著者
磯部 澄枝 諸岡 歩 焔硝岩 政樹 富川 正恵 新田 和美 齋藤 芸路 澁谷 いづみ
出版者
公益社団法人 日本栄養士会
雑誌
日本栄養士会雑誌 (ISSN:00136492)
巻号頁・発行日
vol.63, no.9, pp.501-509, 2020 (Released:2020-09-01)
参考文献数
9

本研究は、地域包括ケアシステムの推進における行政管理栄養士の役割を明らかにするため、都道府県本庁、保健所および市町村の管理栄養士等を対象に、管理栄養士配置状況、地域包括ケアシステムへの関与状況等を把握する悉皆調査を実施した。
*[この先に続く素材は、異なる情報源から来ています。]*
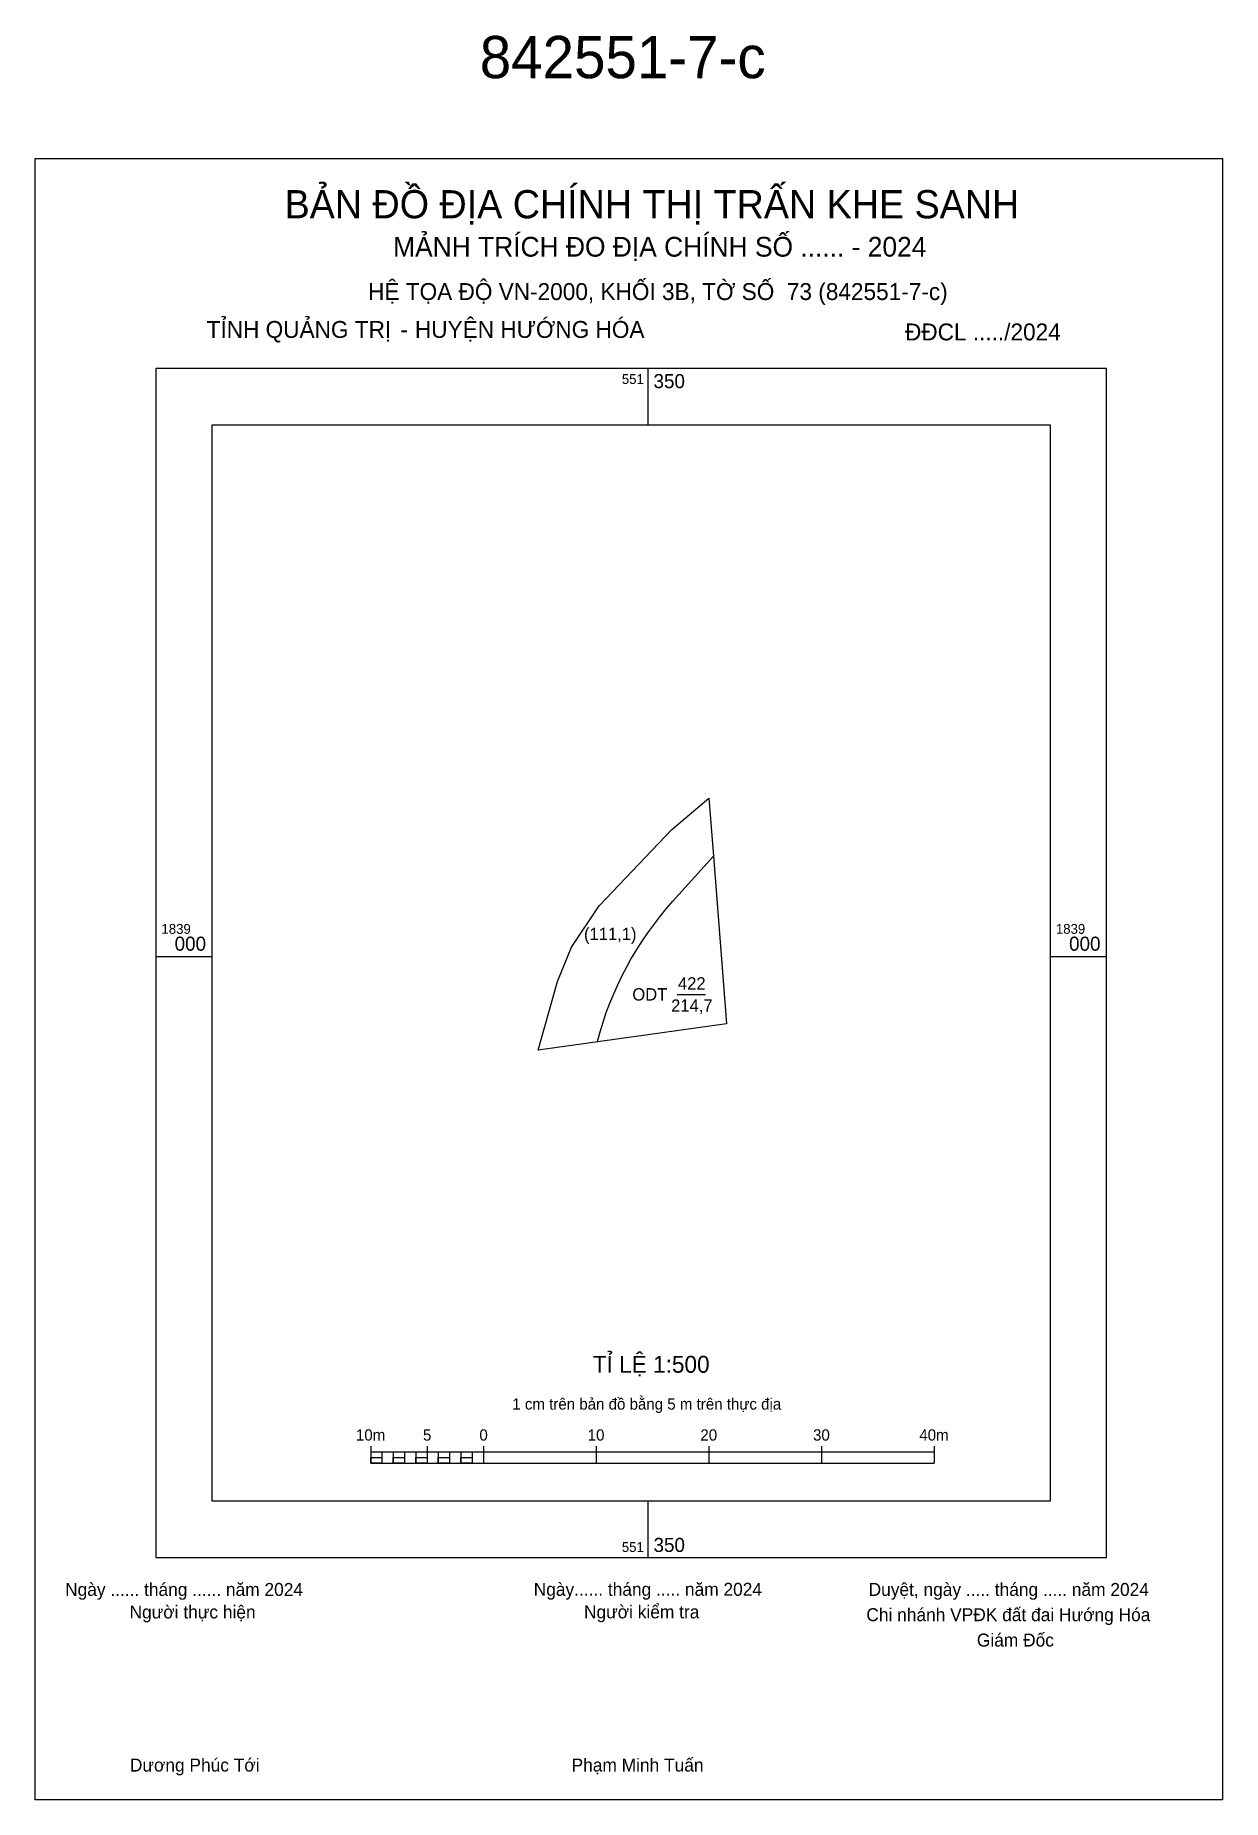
# Model space of a CAD drawing. Extents: x 551296 to 551401, y 1838925 to 1839082.
import ezdxf

# ---------------------------------------------------------------- set-up
doc = ezdxf.new("R2010")
doc.units = 0
for name, color, linetype in [('Level 1', 7, 'Continuous'), ('Level 10', 7, 'Continuous'), ('Level 2', 7, 'Continuous'), ('Level 30', 7, 'Continuous'), ('Level 6', 7, 'Continuous'), ('Level 62', 7, 'Continuous'), ('Level 63', 7, 'Continuous')]:
    doc.layers.add(name, color=color, linetype=linetype)

msp = doc.modelspace()

# ---------------------------------------------------------------- linework, layer by layer
at = {"layer": 'Level 1'}
for p, q in [((551295.63, 1839070.8), (551295.63, 1839070.8)), ((551401.02, 1838925.18), (551401.02, 1838925.18))]:
    msp.add_line(p, q, dxfattribs=at)
at = {"layer": 'Level 10'}
msp.add_lwpolyline([(551356.98, 1838994.02), (551340.27, 1838991.67), (551341.98, 1838997.78), (551343.21, 1839000.81), (551345.68, 1839004.47), (551352.14, 1839011.26), (551355.42, 1839014.04), (551355.82, 1839008.9)], close=True, dxfattribs=at)
at = {"layer": 'Level 2'}
msp.add_lwpolyline([(551295.63, 1839070.8), (551401.01, 1839070.8), (551401.01, 1838925.18), (551295.63, 1838925.18)], close=True, dxfattribs=at)
at = {"layer": 'Level 30'}
msp.add_line((551352.2, 1839004.88), (551355.82, 1839008.9), dxfattribs=at)
msp.add_arc((551374.3, 1838984.97), 29.75, 137.9815, 165.5192, dxfattribs=at)
at = {"layer": 'Level 6'}
msp.add_line((551352.61, 1838996.63), (551355.11, 1838996.63), dxfattribs=at)
at = {"layer": 'Level 62'}
msp.add_lwpolyline([(551311.33, 1839047.16), (551385.71, 1839047.16), (551385.71, 1838951.66), (551311.33, 1838951.66)], close=True, dxfattribs=at)
at = {"layer": 'Level 63'}
for p, q in [((551295.63, 1839068.3), (551295.63, 1839070.8)), ((551295.63, 1839070.8), (551298.13, 1839070.8)), ((551295.63, 1839068.3), (551295.63, 1839070.8)), ((551295.63, 1839070.8), (551298.13, 1839070.8)), ((551398.51, 1839070.8), (551401.01, 1839070.8)), ((551398.51, 1839070.8), (551401.01, 1839070.8)), ((551401.01, 1839070.8), (551401.01, 1839068.3)), ((551401.01, 1839070.8), (551401.01, 1839068.3)), ((551295.63, 1839068.3), (551295.63, 1839068.3)), ((551295.63, 1839068.3), (551295.63, 1839068.3)), ((551350, 1839052.16), (551350, 1839047.16)), ((551306.33, 1839000), (551311.33, 1839000)), ((551385.71, 1839000), (551390.71, 1839000)), ((551325.4, 1838956.54), (551325.4, 1838955.04)), ((551330.4, 1838956.54), (551330.4, 1838955.04)), ((551335.4, 1838956.54), (551335.4, 1838955.04)), ((551345.4, 1838956.54), (551345.4, 1838955.04)), ((551355.4, 1838956.54), (551355.4, 1838955.04)), ((551365.4, 1838956.54), (551365.4, 1838955.04)), ((551375.4, 1838956.54), (551375.4, 1838955.04)), ((551325.4, 1838956.04), (551375.4, 1838956.04)), ((551325.4, 1838955.04), (551375.4, 1838955.04)), ((551326.4, 1838956.04), (551326.4, 1838955.04)), ((551327.4, 1838956.04), (551327.4, 1838955.04)), ((551328.4, 1838956.04), (551328.4, 1838955.04)), ((551329.4, 1838956.04), (551329.4, 1838955.04)), ((551330.4, 1838956.04), (551330.4, 1838955.04)), ((551331.4, 1838956.04), (551331.4, 1838955.04)), ((551332.4, 1838956.04), (551332.4, 1838955.04)), ((551333.4, 1838956.04), (551333.4, 1838955.04)), ((551334.4, 1838956.04), (551334.4, 1838955.04)), ((551335.4, 1838956.04), (551335.4, 1838955.04)), ((551350, 1838951.66), (551350, 1838946.66)), ((551295.63, 1838925.18), (551295.63, 1838927.68)), ((551295.63, 1838925.18), (551295.63, 1838927.68)), ((551401.01, 1838927.68), (551401.01, 1838925.18)), ((551401.01, 1838927.68), (551401.01, 1838925.18)), ((551298.13, 1838925.18), (551295.63, 1838925.18)), ((551298.13, 1838925.18), (551295.63, 1838925.18)), ((551401.01, 1838925.18), (551398.51, 1838925.18)), ((551401.01, 1838925.18), (551398.51, 1838925.18))]:
    msp.add_line(p, q, dxfattribs=at)
for points in [[(551306.33, 1839052.16), (551306.33, 1838946.66), (551390.71, 1838946.66), (551390.71, 1839052.16)], [(551325.4, 1838955.54), (551326.4, 1838955.54), (551326.4, 1838955.04), (551325.4, 1838955.04)], [(551325.4, 1838955.54), (551326.4, 1838955.54), (551326.4, 1838955.04), (551325.4, 1838955.04)], [(551327.4, 1838955.54), (551328.4, 1838955.54), (551328.4, 1838955.04), (551327.4, 1838955.04)], [(551329.4, 1838955.54), (551330.4, 1838955.54), (551330.4, 1838955.04), (551329.4, 1838955.04)], [(551331.4, 1838955.54), (551332.4, 1838955.54), (551332.4, 1838955.04), (551331.4, 1838955.04)], [(551333.4, 1838955.54), (551334.4, 1838955.54), (551334.4, 1838955.04), (551333.4, 1838955.04)]]:
    msp.add_lwpolyline(points, close=True, dxfattribs=at)

# ---------------------------------------------------------------- texts
at = {"layer": 'Level 6'}
for s, height, p in [('HỆ TỌA ÐỘ VN-2000, KHỐI 3B, TỜ SỐ  73 (842551-7-c)', 1.5, (551325.17, 1839058.23)), ('(111,1)', 1.1, (551344.33, 1839001.44)), ('ODT', 1.1, (551348.62, 1838996.08)), ('422', 1.1, (551352.67, 1838997.05)), ('214,7', 1.1, (551352.06, 1838995.08)), ('TỈ LỆ 1:500', 1.5, (551345.11, 1838963.06))]:
    msp.add_text(s, height=height, dxfattribs=at).set_placement(p)
at = {"layer": 'Level 63'}
for s, height, p in [('842551-7-c', 3.75, (551335.08, 1839077.91)), ('BẢN ĐỒ ĐỊA CHÍNH THỊ TRẤN KHE SANH', 2.5, (551317.76, 1839065.48)), ('MẢNH TRÍCH ĐO ĐỊA CHÍNH SỐ ...... - 2024', 1.75, (551327.39, 1839062.08)), ('TỈNH QUẢNG TRỊ', 1.5, (551310.84, 1839054.87)), (' HUYỆN HƯỚNG HÓA', 1.5, (551328.77, 1839054.87)), ('-', 1.5, (551328.03, 1839054.87)), ('ĐĐCL ...../2024', 1.5, (551372.82, 1839054.65)), ('551', 0.875, (551347.69, 1839050.78)), ('350', 1.25, (551350.5, 1839050.41)), ('1839', 0.875, (551306.83, 1839002)), ('000', 1.25, (551308, 1839000.5)), ('1839', 0.875, (551386.21, 1839002)), ('000', 1.25, (551387.38, 1839000.5)), ('1 cm trên bản đồ bằng 5 m trên thực địa', 1, (551337.97, 1838959.79)), ('10m', 1, (551324.09, 1838957.04)), ('5', 1, (551330.04, 1838957.04)), ('0', 1, (551335.05, 1838957.04)), ('10', 1, (551344.66, 1838957.04)), ('20', 1, (551354.66, 1838957.04)), ('30', 1, (551364.66, 1838957.04)), ('40m', 1, (551374.09, 1838957.04)), ('551', 0.875, (551347.69, 1838947.16)), ('350', 1.25, (551350.5, 1838947.16)), ('Ngày ...... tháng ...... năm 2024', 1.15, (551298.28, 1838943.26)), ('Ngày...... tháng ..... năm 2024', 1.15, (551339.87, 1838943.27)), ('Duyệt, ngày ..... tháng ..... năm 2024', 1.15, (551369.59, 1838943.26)), ('Người thực hiện', 1.15, (551304, 1838941.26)), ('Người kiểm tra', 1.15, (551344.33, 1838941.27)), ('Chi nhánh VPĐK đất đai Hướng Hóa', 1.15, (551369.39, 1838941.02)), ('Giám Đốc', 1.15, (551379.2, 1838938.77)), ('Dương Phúc Tới', 1.15, (551304.03, 1838927.68)), ('Phạm Minh Tuấn', 1.15, (551343.23, 1838927.68))]:
    msp.add_text(s, height=height, dxfattribs=at).set_placement(p)

doc.saveas('drawing.dxf')

介護保険・高齢福祉部門に管理栄養士を配置している都道府県および市町村は少なく、地域包括ケアシステムの推進に取り組んでいる都道府県本庁は7(15.9%)、保健所は24(8.0%)、市町村は190(19.9%)であった。保健所は医療・介護連携支援ツール作成、社会資源把握、管理栄養士・栄養士の育成と確保、食環境整備等を行っており、市町村はケース対応、教室の企画・運営、普及啓発、医療と連携した栄養食事指導体制の構築等を行っていた。市町村が保健所管理栄養士に期待することは、情報発信、リーダーシップ、組織体制整備等であった。地域包括ケアシステムの充実を目指すため、市町村管理栄養士は介護予防事業と保健事業を連動させた取り組みに積極的に関わることが望まれる。また、保健所管理栄養士は調整能力とリーダーシップを発揮し、栄養・食生活課題の見える化、地域栄養ケア拠点の整備、社会資源の活用、栄養・食生活改善に関する人材育成を行う必要があることが示唆された。